Just recently switched careers into joinery and started in a new millwork shop. 

I currently have the M12 brushed drill/impact combo and thinking about about upgrading to the M12 FUEL line to be closer inline with everyone else in the shop who's running a range of 18v systems, primary Makita with some Milwaukee and Dewalt. 

I'm looking for opinions outside of my shop on the M12 FUEL, weather it will be suffice for day-to-day in-shop tasks. I'm primary leaning towards the M12 line because of it's smaller form factor and lighter weight. The lower price point is a bonus too. 

Those in the joinery trade or familiar with the day-to-day operations of a millwork shop, what are your thoughts? Can I get away with the smaller M12 FUEL or should I go all in on the M18? TIA.


----------



## Youngin' (Sep 16, 2012)

I run M12 Fuel and M18 Fuel drills. I love the M12 and use it for the majority of my work and it has a surprising amount of power but occasionally I do need the power of an 18v tool. In my opinion you should buy the 18v. It's better to have the power and not need it than to need it and not have it. I only bought my 12v system after buying the 18v. The 12v is very convenient but not having a larger drill is missing a fundamental tool.


----------



## illbuildit.dd (Jan 7, 2015)

If you go 18 you will be much much happier. Whatever you have to do to get it done, just do it. Take our word for it.


----------



## Golden view (Feb 16, 2012)

The M18 compact brushless is damn near the same size as the M12, but with a better grip, a little more power, and then you're in the 18v system for other tools you may need.


----------



## We Fix Houses (Aug 15, 2007)

No problems here with the M12 as my everyday drivers. I have a couple of 3.0 hr batteries that help. 

I have the M18 also. Agree with what has been said.

I think I have 8 or so M12 and M18 plus batteries. All CPO Recon.


----------



## platinumLLC (Nov 18, 2008)

Golden view said:


> The M18 compact brushless is damn near the same size as the M12, but with a better grip, a little more power, and then you're in the 18v system for other tools you may need.


I have both the M18 fuel compact driver and drill and the M12 fuel driver and drill kits. With the batteries on the M18 is noticeably bigger then the M12. I'll try to get some pictures of them side by side tomorrow. 

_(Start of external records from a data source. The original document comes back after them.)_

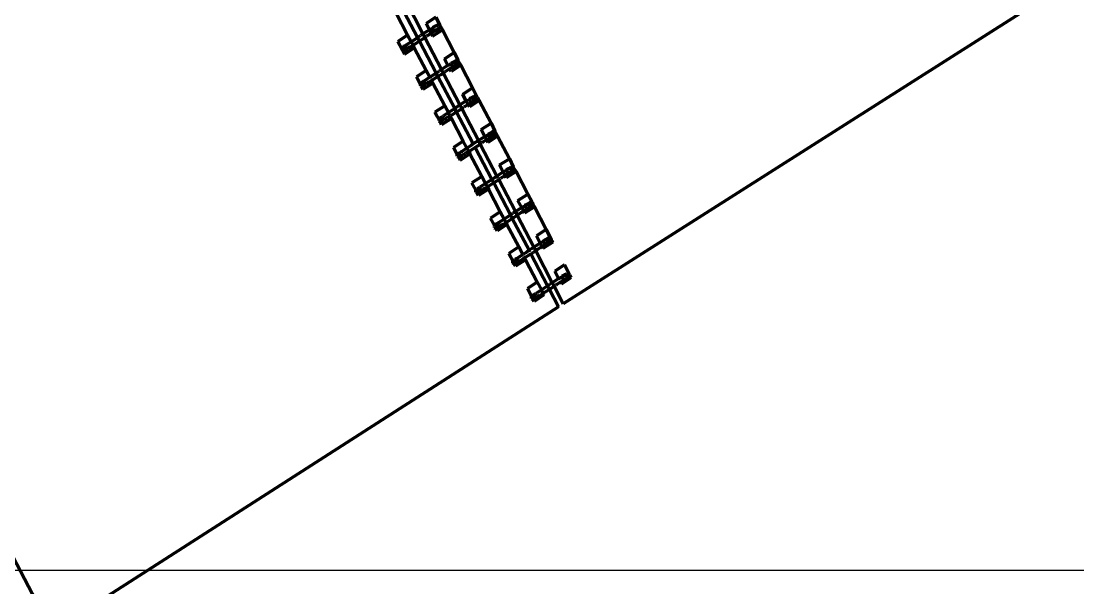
# Model space of a CAD drawing. Header units: millimetres. Extents: x 4307 to 31003, y 2809 to 20009.
# Drawn here: x 13987.6 to 14124, y 8517.7 to 8590.9 of the extents above; entities that cross this region are included whole.
import ezdxf

# ---------------------------------------------------------------- set-up
doc = ezdxf.new("R2010")
doc.units = ezdxf.units.MM
doc.layers.add('ProfileEdges', color=7, linetype='Continuous')

msp = doc.modelspace()

# ---------------------------------------------------------------- linework, layer by layer
for p, q in [((14040.76, 8589.96), (14040.97, 8589.73)), ((14040.95, 8589.63), (14040.99, 8589.65)), ((14040.99, 8589.65), (14040.97, 8589.73)), ((14037.17, 8587.75), (14037.17, 8587.72)), ((14037.17, 8587.72), (14037.18, 8587.65)), ((14037.43, 8587.37), (14037.3, 8587.41)), ((14037.46, 8587.36), (14037.43, 8587.37)), ((14043.18, 8585.49), (14043.35, 8585.14)), ((14043.33, 8585.04), (14043.37, 8585.06)), ((14043.37, 8585.06), (14043.35, 8585.14)), ((14039.55, 8583.16), (14039.56, 8583.13)), ((14039.56, 8583.13), (14039.56, 8583.06)), ((14039.81, 8582.79), (14039.68, 8582.82)), ((14039.84, 8582.77), (14039.81, 8582.79)), ((14045.53, 8580.78), (14045.74, 8580.55)), ((14045.72, 8580.45), (14045.76, 8580.47)), ((14045.76, 8580.47), (14045.74, 8580.55)), ((14041.94, 8578.57), (14041.94, 8578.54)), ((14041.94, 8578.54), (14041.94, 8578.47)), ((14042.2, 8578.2), (14042.07, 8578.23)), ((14042.23, 8578.18), (14042.2, 8578.2)), ((14044.42, 8573.7), (14044.36, 8573.73)), ((14044.58, 8573.61), (14044.45, 8573.64)), ((14044.61, 8573.59), (14044.58, 8573.61)), ((14050.34, 8571.72), (14050.51, 8571.37)), ((14050.49, 8571.27), (14050.53, 8571.3)), ((14050.53, 8571.3), (14050.51, 8571.37)), ((14046.71, 8569.39), (14046.71, 8569.36)), ((14046.71, 8569.36), (14046.71, 8569.29)), ((14046.97, 8569.02), (14046.84, 8569.05)), ((14047, 8569), (14046.97, 8569.02)), ((14052.65, 8567.17), (14052.68, 8567.14)), ((14052.87, 8566.68), (14052.93, 8566.68)), ((14049.09, 8564.8), (14049.09, 8564.77)), ((14049.09, 8564.77), (14049.1, 8564.7)), ((14049.35, 8564.43), (14049.22, 8564.47)), ((14049.38, 8564.41), (14049.35, 8564.43)), ((14055.06, 8562.42), (14055.28, 8562.19)), ((14055.25, 8562.09), (14055.29, 8562.12)), ((14055.29, 8562.12), (14055.28, 8562.19)), ((14051.47, 8560.21), (14051.5, 8560.06)), ((14051.5, 8560.06), (14051.51, 8559.97)), ((14051.57, 8559.93), (14051.51, 8559.97)), ((14051.68, 8559.87), (14051.57, 8559.93)), ((14051.76, 8559.82), (14051.68, 8559.87)), ((14057.45, 8557.83), (14057.57, 8557.74)), ((14057.66, 8557.57), (14057.7, 8557.5)), ((14053.86, 8555.62), (14053.87, 8555.52)), ((14053.91, 8555.44), (14053.89, 8555.41)), ((14053.94, 8555.38), (14053.9, 8555.38)), ((14054.12, 8555.25), (14053.99, 8555.29)), ((14054.15, 8555.23), (14054.12, 8555.25))]:
    msp.add_line(p, q)
msp.add_lwpolyline([(13395.19, 9764.66), (15918.46, 9764.66), (15918.46, 8520), (13395.19, 8520)], close=True)
at = {"layer": 'ProfileEdges', "lineweight": 211}
for p, q in [((13933.6, 8622.7), (13991.59, 8512.11)), ((14123.13, 8596.11), (14057.58, 8554.44)), ((14037.34, 8593.42), (14039.48, 8589.28)), ((14037.5, 8589.13), (14035.97, 8592.05)), ((14038.77, 8588.81), (14036.61, 8592.93)), ((14041.14, 8591.45), (14039.87, 8590.64)), ((14040.3, 8589.8), (14039.87, 8590.64)), ((14041.21, 8590.34), (14041.07, 8590.29)), ((14041.14, 8591.45), (14041.6, 8590.47)), ((14041.28, 8590.38), (14041.21, 8590.34)), ((14041.28, 8590.38), (14041.27, 8590.36)), ((14041.34, 8590.42), (14041.28, 8590.38)), ((14041.31, 8590.4), (14041.34, 8590.42)), ((14041.34, 8590.42), (14041.39, 8590.45)), ((14041.6, 8590.47), (14041.39, 8590.45)), ((14041.42, 8590.41), (14041.39, 8590.45)), ((14041.67, 8590.44), (14041.6, 8590.47)), ((14041.67, 8590.44), (14041.69, 8590.4)), ((14041.73, 8590.24), (14041.69, 8590.4)), ((14037.5, 8589.13), (14036.23, 8588.32)), ((14037.5, 8589.13), (14037.96, 8588.27)), ((14038.77, 8588.81), (14039.17, 8589.08)), ((14039.48, 8589.28), (14039.17, 8589.08)), ((14040.26, 8589.78), (14039.48, 8589.28)), ((14039.48, 8589.28), (14039.72, 8588.83)), ((14039.72, 8588.83), (14039.94, 8588.98)), ((14039.99, 8589.02), (14039.94, 8588.98)), ((14040.53, 8589.36), (14039.99, 8589.02)), ((14040.26, 8589.78), (14040.3, 8589.8)), ((14040.3, 8589.8), (14040.66, 8589.99)), ((14040.3, 8589.8), (14040.53, 8589.36)), ((14040.87, 8589.58), (14040.53, 8589.36)), ((14040.72, 8589), (14040.53, 8589.36)), ((14040.74, 8590.05), (14040.66, 8589.99)), ((14040.72, 8590.11), (14041.07, 8590.29)), ((14040.76, 8590.09), (14040.72, 8590.11)), ((14040.72, 8589), (14042, 8589.81)), ((14040.76, 8590.09), (14040.74, 8590.05)), ((14040.74, 8590.05), (14040.76, 8589.96)), ((14041.07, 8590.29), (14040.76, 8590.09)), ((14040.8, 8590.08), (14040.76, 8590.09)), ((14040.76, 8589.96), (14040.95, 8589.63)), ((14040.97, 8589.6), (14040.87, 8589.58)), ((14040.95, 8589.63), (14040.97, 8589.6)), ((14040.99, 8589.65), (14040.97, 8589.6)), ((14040.97, 8589.6), (14041.01, 8589.57)), ((14041.21, 8589.8), (14040.99, 8589.65)), ((14041.32, 8589.82), (14041.01, 8589.57)), ((14041.2, 8590.24), (14041.19, 8590.28)), ((14041.22, 8590.28), (14041.2, 8590.24)), ((14041.21, 8589.97), (14041.27, 8589.95)), ((14041.21, 8589.8), (14041.32, 8589.82)), ((14041.27, 8589.95), (14041.26, 8590)), ((14041.41, 8589.91), (14041.32, 8589.82)), ((14041.36, 8589.97), (14041.48, 8589.96)), ((14041.39, 8590.08), (14041.54, 8590)), ((14041.48, 8589.96), (14041.41, 8589.91)), ((14041.43, 8589.9), (14041.51, 8589.95)), ((14041.54, 8590), (14041.48, 8589.96)), ((14041.48, 8589.96), (14041.51, 8589.95)), ((14041.54, 8590), (14041.51, 8589.95)), ((14041.59, 8590.03), (14041.54, 8590)), ((14041.54, 8590), (14041.61, 8590.01)), ((14041.63, 8590.18), (14041.57, 8590.25)), ((14041.63, 8590.18), (14041.59, 8590.03)), ((14041.73, 8590.24), (14041.61, 8590.01)), ((14041.73, 8590.24), (14042, 8589.81)), ((14043.52, 8586.88), (14042, 8589.81)), ((14036.48, 8587.84), (14036.23, 8588.32)), ((14036.75, 8587.31), (14036.48, 8587.84)), ((14036.79, 8587.52), (14036.91, 8587.59)), ((14036.82, 8587.42), (14036.91, 8587.59)), ((14036.91, 8587.59), (14036.94, 8587.65)), ((14036.91, 8587.59), (14036.95, 8587.62)), ((14037.17, 8587.72), (14036.94, 8587.65)), ((14036.94, 8587.65), (14037.07, 8587.63)), ((14036.95, 8587.62), (14037, 8587.57)), ((14037.07, 8587.63), (14037, 8587.57)), ((14037.17, 8587.75), (14037.07, 8587.63)), ((14037.07, 8587.63), (14037.18, 8587.65)), ((14037.18, 8587.77), (14037.17, 8587.72)), ((14037.17, 8587.75), (14037.18, 8587.77)), ((14037.21, 8587.75), (14037.17, 8587.75)), ((14037.18, 8587.77), (14037.96, 8588.27)), ((14037.19, 8587.61), (14037.18, 8587.65)), ((14037.34, 8587.59), (14037.19, 8587.61)), ((14037.21, 8587.5), (14037.19, 8587.61)), ((14037.47, 8587.67), (14037.39, 8587.75)), ((14037.45, 8587.39), (14037.47, 8587.67)), ((14037.74, 8587.58), (14037.48, 8587.37)), ((14037.83, 8587.63), (14037.74, 8587.58)), ((14037.89, 8587.67), (14037.83, 8587.63)), ((14037.89, 8587.67), (14038.19, 8587.83)), ((14037.96, 8588.27), (14038.57, 8588.66)), ((14038.19, 8587.83), (14037.96, 8588.27)), ((14038.19, 8587.83), (14038.28, 8587.89)), ((14038.36, 8587.49), (14038.19, 8587.83)), ((14039.01, 8588.35), (14038.28, 8587.89)), ((14038.57, 8588.66), (14038.77, 8588.81)), ((14039.01, 8588.35), (14038.77, 8588.81)), ((14039.41, 8588.61), (14039.01, 8588.35)), ((14041.17, 8584.23), (14039.01, 8588.35)), ((14039.41, 8588.61), (14039.72, 8588.83)), ((14039.72, 8588.83), (14041.87, 8584.69)), ((14036.79, 8587.52), (14036.75, 8587.49)), ((14036.75, 8587.49), (14036.75, 8587.31)), ((14036.82, 8587.18), (14036.75, 8587.31)), ((14036.82, 8587.42), (14036.94, 8587.18)), ((14036.82, 8587.18), (14036.96, 8587.08)), ((14037.09, 8586.68), (14036.82, 8587.18)), ((14037, 8587.57), (14036.9, 8587.47)), ((14037.05, 8587.18), (14036.94, 8587.18)), ((14037.01, 8587.1), (14036.96, 8587.08)), ((14037, 8587.57), (14037.2, 8587.34)), ((14037.08, 8587.15), (14037.01, 8587.1)), ((14037.08, 8587.15), (14037.05, 8587.18)), ((14037.08, 8587.15), (14037.14, 8587.2)), ((14037.09, 8586.68), (14038.36, 8587.49)), ((14037.14, 8587.2), (14037.2, 8587.34)), ((14037.2, 8587.22), (14037.14, 8587.2)), ((14037.18, 8587.18), (14037.14, 8587.2)), ((14037.2, 8587.22), (14037.18, 8587.18)), ((14037.2, 8587.22), (14037.3, 8587.27)), ((14037.27, 8587.47), (14037.21, 8587.5)), ((14037.3, 8587.41), (14037.27, 8587.47)), ((14037.3, 8587.41), (14037.34, 8587.32)), ((14037.34, 8587.32), (14037.3, 8587.27)), ((14037.3, 8587.27), (14037.33, 8587.29)), ((14037.33, 8587.29), (14037.43, 8587.37)), ((14037.33, 8587.29), (14037.46, 8587.36)), ((14037.43, 8587.37), (14037.45, 8587.39)), ((14037.46, 8587.36), (14037.45, 8587.39)), ((14037.48, 8587.37), (14037.46, 8587.36)), ((14039.9, 8584.57), (14038.36, 8587.49)), ((14042.24, 8586.07), (14043.52, 8586.88)), ((14043.52, 8586.88), (14043.99, 8585.88)), ((14042.64, 8585.19), (14041.87, 8584.69)), ((14042.69, 8585.21), (14042.24, 8586.07)), ((14042.64, 8585.19), (14042.69, 8585.21)), ((14042.69, 8585.21), (14043.04, 8585.4)), ((14042.74, 8585.11), (14042.69, 8585.21)), ((14043.25, 8584.99), (14042.92, 8584.78)), ((14043.04, 8585.4), (14043.12, 8585.46)), ((14044.37, 8585.24), (14043.1, 8584.43)), ((14043.46, 8585.7), (14043.11, 8585.52)), ((14043.11, 8585.52), (14043.15, 8585.5)), ((14043.15, 8585.5), (14043.12, 8585.46)), ((14043.12, 8585.46), (14043.14, 8585.37)), ((14043.14, 8585.37), (14043.33, 8585.04)), ((14043.15, 8585.5), (14043.46, 8585.7)), ((14043.15, 8585.5), (14043.18, 8585.49)), ((14043.35, 8585.01), (14043.25, 8584.99)), ((14043.33, 8585.04), (14043.35, 8585.01)), ((14043.37, 8585.06), (14043.35, 8585.01)), ((14043.35, 8585.01), (14043.39, 8584.98)), ((14043.6, 8585.21), (14043.37, 8585.06)), ((14043.39, 8584.98), (14043.71, 8585.23)), ((14043.56, 8585.73), (14043.46, 8585.7)), ((14043.52, 8585.66), (14043.56, 8585.73)), ((14043.52, 8585.66), (14043.56, 8585.61)), ((14043.67, 8585.79), (14043.56, 8585.73)), ((14043.58, 8585.65), (14043.56, 8585.61)), ((14043.56, 8585.61), (14043.66, 8585.36)), ((14043.67, 8585.74), (14043.58, 8585.65)), ((14043.6, 8585.21), (14043.71, 8585.23)), ((14043.79, 8585.32), (14043.66, 8585.36)), ((14043.69, 8585.81), (14043.67, 8585.79)), ((14043.67, 8585.74), (14043.67, 8585.79)), ((14043.67, 8585.52), (14043.67, 8585.74)), ((14043.67, 8585.52), (14043.94, 8585.44)), ((14043.69, 8585.81), (14043.77, 8585.86)), ((14043.71, 8585.23), (14043.79, 8585.32)), ((14043.99, 8585.88), (14043.77, 8585.86)), ((14044.02, 8585.59), (14043.77, 8585.86)), ((14043.79, 8585.32), (14043.83, 8585.33)), ((14043.87, 8585.37), (14043.83, 8585.33)), ((14043.83, 8585.33), (14043.9, 8585.36)), ((14043.92, 8585.41), (14043.87, 8585.37)), ((14043.9, 8585.36), (14043.87, 8585.37)), ((14043.9, 8585.36), (14043.92, 8585.41)), ((14043.97, 8585.44), (14043.92, 8585.41)), ((14044, 8585.42), (14043.92, 8585.41)), ((14043.94, 8585.44), (14043.97, 8585.44)), ((14043.97, 8585.44), (14044.02, 8585.59)), ((14043.97, 8585.44), (14044, 8585.42)), ((14044.11, 8585.65), (14043.99, 8585.88)), ((14044.11, 8585.65), (14044, 8585.42)), ((14044.11, 8585.65), (14044.37, 8585.24)), ((14044.37, 8585.24), (14045.89, 8582.31)), ((14039.9, 8584.57), (14038.62, 8583.76)), ((14038.62, 8583.76), (14039.14, 8582.77)), ((14040.36, 8583.69), (14039.72, 8583.28)), ((14040.38, 8583.7), (14039.9, 8584.57)), ((14040.38, 8583.7), (14040.36, 8583.69)), ((14040.38, 8583.7), (14040.95, 8584.07)), ((14040.47, 8583.49), (14040.38, 8583.7)), ((14041.41, 8583.77), (14040.67, 8583.3)), ((14040.95, 8584.07), (14041.17, 8584.23)), ((14041.17, 8584.23), (14041.55, 8584.49)), ((14041.33, 8583.91), (14041.17, 8584.23)), ((14041.8, 8584.02), (14041.41, 8583.77)), ((14043.57, 8579.65), (14041.41, 8583.77)), ((14041.87, 8584.69), (14041.55, 8584.49)), ((14041.8, 8584.02), (14042.1, 8584.24)), ((14041.87, 8584.69), (14042.1, 8584.24)), ((14042.1, 8584.24), (14042.32, 8584.4)), ((14042.1, 8584.24), (14044.25, 8580.11)), ((14042.37, 8584.43), (14042.32, 8584.4)), ((14042.92, 8584.78), (14042.37, 8584.43)), ((14043.1, 8584.43), (14042.92, 8584.78)), ((14039.17, 8582.93), (14039.14, 8582.9)), ((14039.14, 8582.9), (14039.14, 8582.77)), ((14039.14, 8582.77), (14039.14, 8582.7)), ((14039.19, 8582.6), (14039.14, 8582.7)), ((14039.17, 8582.93), (14039.28, 8583)), ((14039.19, 8582.6), (14039.25, 8582.56)), ((14039.2, 8582.83), (14039.28, 8583)), ((14039.2, 8582.83), (14039.32, 8582.59)), ((14039.25, 8582.56), (14039.35, 8582.49)), ((14039.48, 8582.11), (14039.25, 8582.56)), ((14039.28, 8583), (14039.32, 8583.06)), ((14039.28, 8583), (14039.34, 8583.03)), ((14039.39, 8582.98), (14039.29, 8582.89)), ((14039.32, 8583.06), (14039.55, 8583.16)), ((14039.32, 8583.06), (14039.46, 8583.04)), ((14039.44, 8582.59), (14039.32, 8582.59)), ((14039.34, 8583.03), (14039.39, 8582.98)), ((14039.39, 8582.51), (14039.35, 8582.49)), ((14039.46, 8583.04), (14039.39, 8582.98)), ((14039.39, 8582.98), (14039.58, 8582.76)), ((14039.46, 8582.56), (14039.39, 8582.51)), ((14039.46, 8582.56), (14039.44, 8582.59)), ((14039.46, 8583.04), (14039.55, 8583.16)), ((14039.46, 8583.04), (14039.56, 8583.06)), ((14039.46, 8582.56), (14039.53, 8582.61)), ((14040.76, 8582.93), (14039.48, 8582.11)), ((14039.53, 8582.61), (14039.58, 8582.76)), ((14039.58, 8582.63), (14039.53, 8582.61)), ((14039.56, 8582.59), (14039.53, 8582.61)), ((14039.55, 8583.16), (14039.62, 8583.21)), ((14039.56, 8583.06), (14039.58, 8583.03)), ((14039.58, 8582.63), (14039.56, 8582.59)), ((14039.58, 8583.03), (14039.72, 8583.01)), ((14039.59, 8582.91), (14039.58, 8583.03)), ((14039.58, 8582.63), (14039.68, 8582.68)), ((14039.66, 8582.88), (14039.59, 8582.91)), ((14039.68, 8583.24), (14039.62, 8583.21)), ((14039.68, 8582.82), (14039.66, 8582.88)), ((14039.68, 8583.24), (14039.72, 8583.28)), ((14039.85, 8583.08), (14039.68, 8583.24)), ((14039.68, 8582.82), (14039.72, 8582.73)), ((14039.72, 8582.73), (14039.68, 8582.68)), ((14039.68, 8582.68), (14039.71, 8582.71)), ((14039.71, 8582.71), (14039.81, 8582.79)), ((14039.71, 8582.71), (14039.84, 8582.77)), ((14039.81, 8582.79), (14039.83, 8582.8)), ((14039.83, 8582.8), (14039.85, 8583.08)), ((14039.84, 8582.77), (14039.83, 8582.8)), ((14039.86, 8582.78), (14039.84, 8582.77)), ((14040.12, 8582.99), (14039.86, 8582.78)), ((14040.21, 8583.04), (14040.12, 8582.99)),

I love my m12 fuel for everyday use. It has tons of power and is very lite and compact. That being said it all depends on what you're needing them for as to which one would be better for you. Are you just going to be using it to drive smaller screws all day long into pre drilled holes? If so I would think the M12 with a few batteries would be great for you. They make different amp hour batteries for them also. Now if you're going to be running 3" deck screws all day long the m12 isn't for you.


----------



## Calidecks (Nov 19, 2011)

That new M18 Surge is an absolute gem! It's got a lot of power, very quiet and small and lightweight. It's a great improvement on an already great impact driver.


_____________


----------



## Peter_C (Nov 26, 2014)

I would say buy the M12 Fuel setup and give it a try. You have 30 days to return it for a full refund if you are not happy. Home Depot and the like offer that guarantee. Although for cabinet type screws I just started using the M12 Fuel Screwdriver over the impact. 

The Fuel M12 impact driver I have routinely drives 3 1/8" GRK screws with ease...typically. The drill has drilled 3" holes on low speed into 3/4" ply. I only bust out the 18volt stuff when more power is needed, which is not very often.


----------



## platinumLLC (Nov 18, 2008)

I put my m12 fuel next to my m18 fuel today and the 18 is a lot bigger. They both have a place and purpose. Like I said before if you're just popping screws in pre drilled holes in cabinets you will be fine with the m12. If it's a million screws in a deck then you should go with the m18. All depends on what you're using it for.


----------



## Golden view (Feb 16, 2012)

There might be some confusion. There are at least 6 M18 drills. The compact brushless, non-fuel, is shorter than the M12 fuel drill (from back to chuck).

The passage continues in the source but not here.